#### WHAT YOU WILL DO:
Look through the data below for the line with "Demux2/4 -> Kalman", and transcribe it exactly together with each line after it up to and including the line with "error/2(Dqest) -> Subsystem3/2(In2)". Give nothing else.

■ ■ ■ ■ ■ ■ ■

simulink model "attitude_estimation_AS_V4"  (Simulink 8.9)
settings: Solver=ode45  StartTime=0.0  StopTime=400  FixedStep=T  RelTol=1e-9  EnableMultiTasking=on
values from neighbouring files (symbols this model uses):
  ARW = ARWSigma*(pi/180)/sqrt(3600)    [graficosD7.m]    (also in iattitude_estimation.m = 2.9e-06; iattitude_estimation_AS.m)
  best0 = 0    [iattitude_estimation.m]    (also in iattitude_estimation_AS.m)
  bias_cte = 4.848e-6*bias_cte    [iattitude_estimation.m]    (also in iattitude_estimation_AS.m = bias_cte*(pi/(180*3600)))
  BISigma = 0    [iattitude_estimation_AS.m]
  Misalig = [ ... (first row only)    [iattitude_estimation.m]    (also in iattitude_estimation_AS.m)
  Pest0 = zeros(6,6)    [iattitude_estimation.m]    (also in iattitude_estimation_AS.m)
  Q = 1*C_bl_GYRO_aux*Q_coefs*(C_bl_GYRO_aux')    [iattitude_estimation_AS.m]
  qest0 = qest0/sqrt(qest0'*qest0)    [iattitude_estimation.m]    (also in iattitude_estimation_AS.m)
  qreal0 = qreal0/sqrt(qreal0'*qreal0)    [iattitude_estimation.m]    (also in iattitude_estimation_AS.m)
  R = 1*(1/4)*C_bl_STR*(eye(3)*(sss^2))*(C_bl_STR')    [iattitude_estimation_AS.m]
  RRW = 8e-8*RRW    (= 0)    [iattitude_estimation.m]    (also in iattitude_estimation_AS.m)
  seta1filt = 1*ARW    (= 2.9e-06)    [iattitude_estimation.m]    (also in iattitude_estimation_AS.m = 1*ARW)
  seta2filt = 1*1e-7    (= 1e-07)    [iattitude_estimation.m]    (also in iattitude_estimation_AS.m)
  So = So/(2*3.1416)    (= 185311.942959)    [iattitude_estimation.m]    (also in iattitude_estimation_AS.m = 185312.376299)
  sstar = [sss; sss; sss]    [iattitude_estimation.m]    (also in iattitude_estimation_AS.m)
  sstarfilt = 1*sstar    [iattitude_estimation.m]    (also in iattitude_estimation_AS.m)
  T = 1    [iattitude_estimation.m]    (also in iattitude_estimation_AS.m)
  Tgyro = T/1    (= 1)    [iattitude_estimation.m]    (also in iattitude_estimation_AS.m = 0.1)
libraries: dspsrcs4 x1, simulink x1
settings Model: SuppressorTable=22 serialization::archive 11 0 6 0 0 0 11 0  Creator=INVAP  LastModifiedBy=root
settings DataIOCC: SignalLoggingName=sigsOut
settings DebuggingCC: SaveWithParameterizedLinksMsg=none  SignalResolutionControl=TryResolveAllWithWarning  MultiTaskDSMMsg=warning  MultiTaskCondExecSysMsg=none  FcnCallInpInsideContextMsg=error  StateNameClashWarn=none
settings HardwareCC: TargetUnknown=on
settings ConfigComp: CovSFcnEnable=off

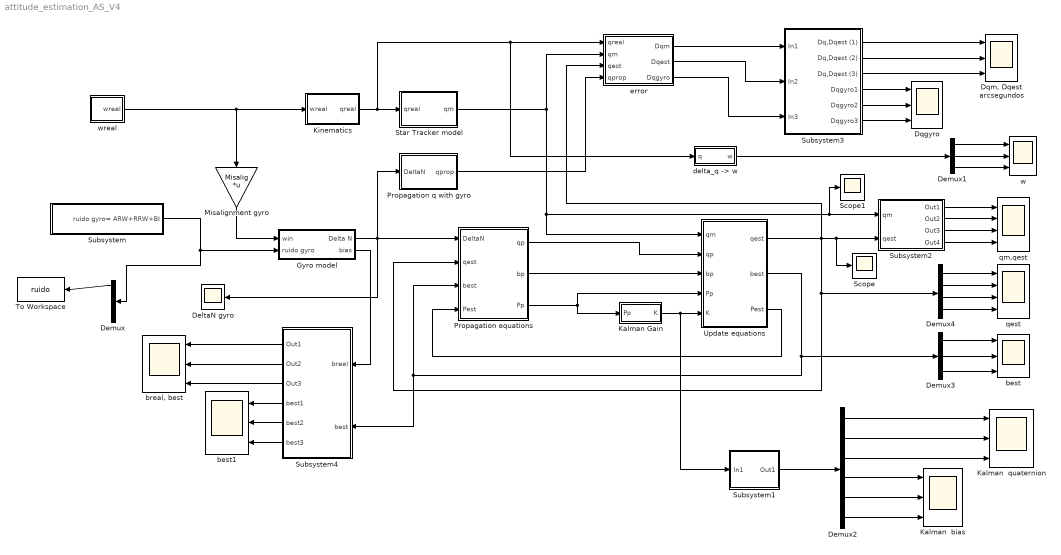
== system attitude_estimation_AS_V4 ==
  DeltaN gyro : Scope
  Demux : Demux  Outputs=3
  Demux1 : Demux  Outputs=3
  Demux2 : Demux  Outputs=6
  Demux3 : Demux  Outputs=3
  Demux4 : Demux
  Dqgyro : Scope  NumInputPorts=3
  "Dqm, Dqest arcsegundos" : Scope  NumInputPorts=3
  Gyro model : Subsystem
  Kalman Gain : Subsystem
  Kalman  bias : Scope  NumInputPorts=3
  Kalman  quaternion : Scope  NumInputPorts=3
  Kinematics : Subsystem
  Misalignment gyro : Gain  Gain=Misalig  Multiplication=Matrix(K*u) (u vector)  SaturateOnIntegerOverflow=on  OutDataTypeStr=Inherit: Same as input  ParamDataTypeStr=Inherit: Same as input
  Propagation equations : Subsystem
  Propagation q with gyro : Subsystem
  Scope : Scope
  Scope1 : Scope
  Star Tracker model : Subsystem
  Subsystem : Subsystem
  Subsystem1 : Subsystem
  Subsystem2 : Subsystem
  Subsystem3 : Subsystem
  Subsystem4 : Subsystem
  To Workspace : ToWorkspace  VariableName=ruido  SaveFormat=Timeseries  SampleTime=-1
  Update equations : Subsystem
  best : Scope  NumInputPorts=3
  best1 : Scope  NumInputPorts=3
  "breal, best" : Scope  NumInputPorts=3
  "delta_q -> w" : Subsystem
  error : Subsystem
  qest : Scope  NumInputPorts=4
  qm,qest : Scope  NumInputPorts=4
  w : Scope  NumInputPorts=3
  wreal : Subsystem
  wires:
  Kinematics/1(qreal) -> Star Tracker model/1(qreal), "delta_q -> w"/1(q), error/1(qreal)
  wreal/1(wreal) -> Kinematics/1(wreal), Misalignment gyro/1
  Star Tracker model/1(qm) -> error/2(qm), Update equations/1(qm), Scope1/1, Subsystem2/1(qm)
  Propagation equations/1(qp) -> Update equations/2(qp)
  Kalman Gain/1(K) -> Update equations/5(K), Subsystem1/1(In1)
  Update equations/3(Pest) -> Propagation equations/4(Pest)
  Update equations/1(qest) -> error/3(qest), Scope/1, Subsystem2/2(qest), Propagation equations/2(qest), Demux4/1
  Gyro model/1(Delta N) -> Propagation equations/1(DeltaN), Propagation q with gyro/1(DeltaN), DeltaN gyro/1
  Propagation q with gyro/1(qprop) -> error/4(qprop)
  Propagation equations/2(bp) -> Update equations/3(bp)
  Propagation equations/3(Pp) -> Update equations/4(Pp), Kalman Gain/1(Pp)
  Misalignment gyro/1 -> Gyro model/1(win)
  Update equations/2(best) -> Subsystem4/2(best), Propagation equations/3(best), Demux3/1
  Subsystem/1(ruido gyro= ARW+RRW+BI) -> Gyro model/2(ruido gyro), Demux/1
  Demux2/1 -> Kalman  quaternion/1
  Demux2/2 -> Kalman  quaternion/2
  Demux2/3 -> Kalman  quaternion/3
  Demux2/5 -> Kalman  bias/2
  Demux2/4 -> Kalman  bias/1
  Demux3/2 -> best/2
  Demux4/1 -> qest/1
  Demux4/2 -> qest/2
  Demux4/3 -> qest/3
  Subsystem1/1(Out1) -> Demux2/1
  Demux4/4 -> qest/4
  Subsystem2/1(Out1) -> qm,qest/1
  Subsystem2/2(Out2) -> qm,qest/2
  Subsystem2/3(Out3) -> qm,qest/3
  Subsystem2/4(Out4) -> qm,qest/4
  error/1(Dqm) -> Subsystem3/1(In1)
  error/2(Dqest) -> Subsystem3/2(In2)
  error/3(Dqgyro) -> Subsystem3/3(In3)
  Subsystem3/1(Dq,Dqest (1)) -> "Dqm, Dqest arcsegundos"/1
  Subsystem3/2(Dq,Dqest (2)) -> "Dqm, Dqest arcsegundos"/2
  Subsystem3/3(Dq,Dqest (3)) -> "Dqm, Dqest arcsegundos"/3
  Gyro model/2(bias) -> Subsystem4/1(breal)
  Subsystem3/4(Dqgyro1) -> Dqgyro/1
  Subsystem3/5(Dqgyro2) -> Dqgyro/2
  Subsystem3/6(Dqgyro3) -> Dqgyro/3
  "delta_q -> w"/1(w) -> Demux1/1
  Demux1/2 -> w/2
  Demux1/3 -> w/3
  Demux1/1 -> w/1
  Demux3/1 -> best/1
  Demux3/3 -> best/3
  Demux2/6 -> Kalman  bias/3
  Subsystem4/5(best2) -> best1/2
  Subsystem4/4(best1) -> best1/1
  Subsystem4/6(best3) -> best1/3
  Subsystem4/1(Out1) -> "breal, best"/1
  Subsystem4/2(Out2) -> "breal, best"/2
  Subsystem4/3(Out3) -> "breal, best"/3
  Demux/1 -> To Workspace/1

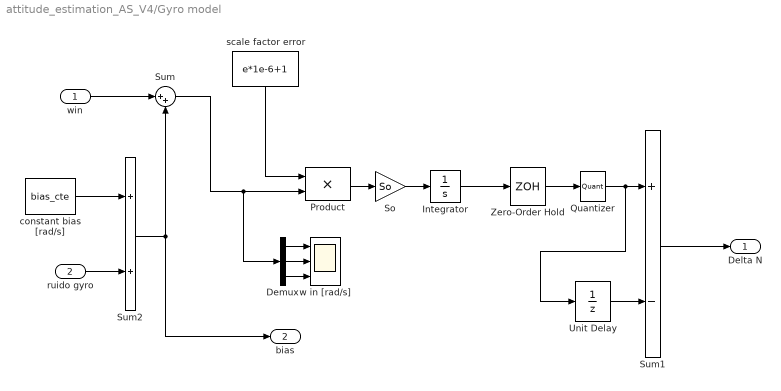
== system attitude_estimation_AS_V4/Gyro model ==
  win : Inport
  ruido gyro : Inport  Port=2
  Demux : Demux  Outputs=3
  Integrator : Integrator
  Product : Product  SaturateOnIntegerOverflow=on  OutDataTypeStr=Inherit: Same as first input
  Quantizer : Quantizer  QuantizationInterval=1
  So : Gain  Gain=So  SaturateOnIntegerOverflow=on  OutDataTypeStr=Inherit: Same as input  ParamDataTypeStr=Inherit: Same as input
  Sum : Sum  Inputs=|++  SaturateOnIntegerOverflow=on
  Sum1 : Sum  Inputs=+-  SaturateOnIntegerOverflow=on
  Sum2 : Sum  SaturateOnIntegerOverflow=on
  Unit Delay : UnitDelay  SampleTime=Tgyro
  Zero-Order Hold : ZeroOrderHold  SampleTime=Tgyro
  constant bias [rad/s] : Constant  Value=bias_cte
  scale factor error : Constant  Value=e*1e-6+1
  w in [rad/s] : Scope  NumInputPorts=3
  Delta N : Outport
  bias : Outport  Port=2
  wires:
  So/1 -> Integrator/1
  Product/1 -> So/1
  scale factor error/1 -> Product/1
  Zero-Order Hold/1 -> Quantizer/1
  Unit Delay/1 -> Sum1/2
  Integrator/1 -> Zero-Order Hold/1
  Sum1/1 -> Delta N/1
  Quantizer/1 -> Sum1/1, Unit Delay/1
  Sum2/1 -> Sum/2, bias/1
  ruido gyro/1 -> Sum2/2
  win/1 -> Sum/1
  Demux/1 -> w in [rad/s]/1
  Demux/2 -> w in [rad/s]/2
  Demux/3 -> w in [rad/s]/3
  Sum/1 -> Demux/1, Product/2
  constant bias [rad/s]/1 -> Sum2/1

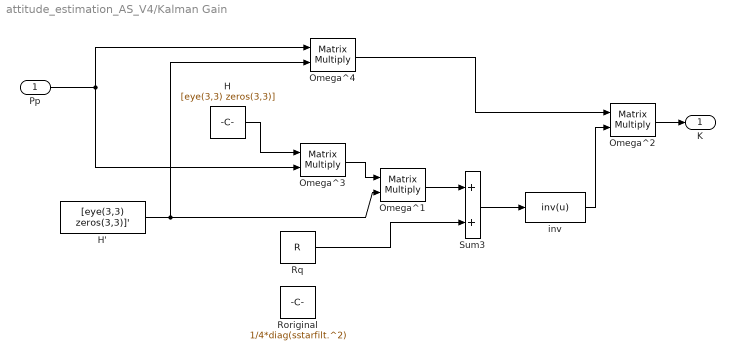
== system attitude_estimation_AS_V4/Kalman Gain ==
  Pp : Inport
  H : Constant  Value=[eye(3,3) zeros(3,3)]  VectorParams1D=off
  H' : Constant  Value=[eye(3,3) zeros(3,3)]'  VectorParams1D=off
  Omega^{1..4} (4 alike) : Product  Multiplication=Matrix(*)  SaturateOnIntegerOverflow=on  OutDataTypeStr=Inherit: Same as first input
  Roriginal : Constant  Value=1/4*diag(sstarfilt.^2)  VectorParams1D=off
  Rq : Constant  Value=R  VectorParams1D=off
  Sum3 : Sum  SaturateOnIntegerOverflow=on
  inv : MATLABFcn  MATLABFcn=inv(u)  Output1D=off
  K : Outport
  wires:
  H/1 -> Omega^3/1
  Pp/1 -> Omega^3/2, Omega^4/1
  Omega^3/1 -> Omega^1/1
  H'/1 -> Omega^1/2, Omega^4/2
  Omega^1/1 -> Sum3/1
  Omega^2/1 -> K/1
  Omega^4/1 -> Omega^2/1
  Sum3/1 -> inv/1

■ ■ ■ ■ ■ ■ ■

#### YOUR SOLUTION:
  Demux2/4 -> Kalman  bias/1
  Demux3/2 -> best/2
  Demux4/1 -> qest/1
  Demux4/2 -> qest/2
  Demux4/3 -> qest/3
  Subsystem1/1(Out1) -> Demux2/1
  Demux4/4 -> qest/4
  Subsystem2/1(Out1) -> qm,qest/1
  Subsystem2/2(Out2) -> qm,qest/2
  Subsystem2/3(Out3) -> qm,qest/3
  Subsystem2/4(Out4) -> qm,qest/4
  error/1(Dqm) -> Subsystem3/1(In1)
  error/2(Dqest) -> Subsystem3/2(In2)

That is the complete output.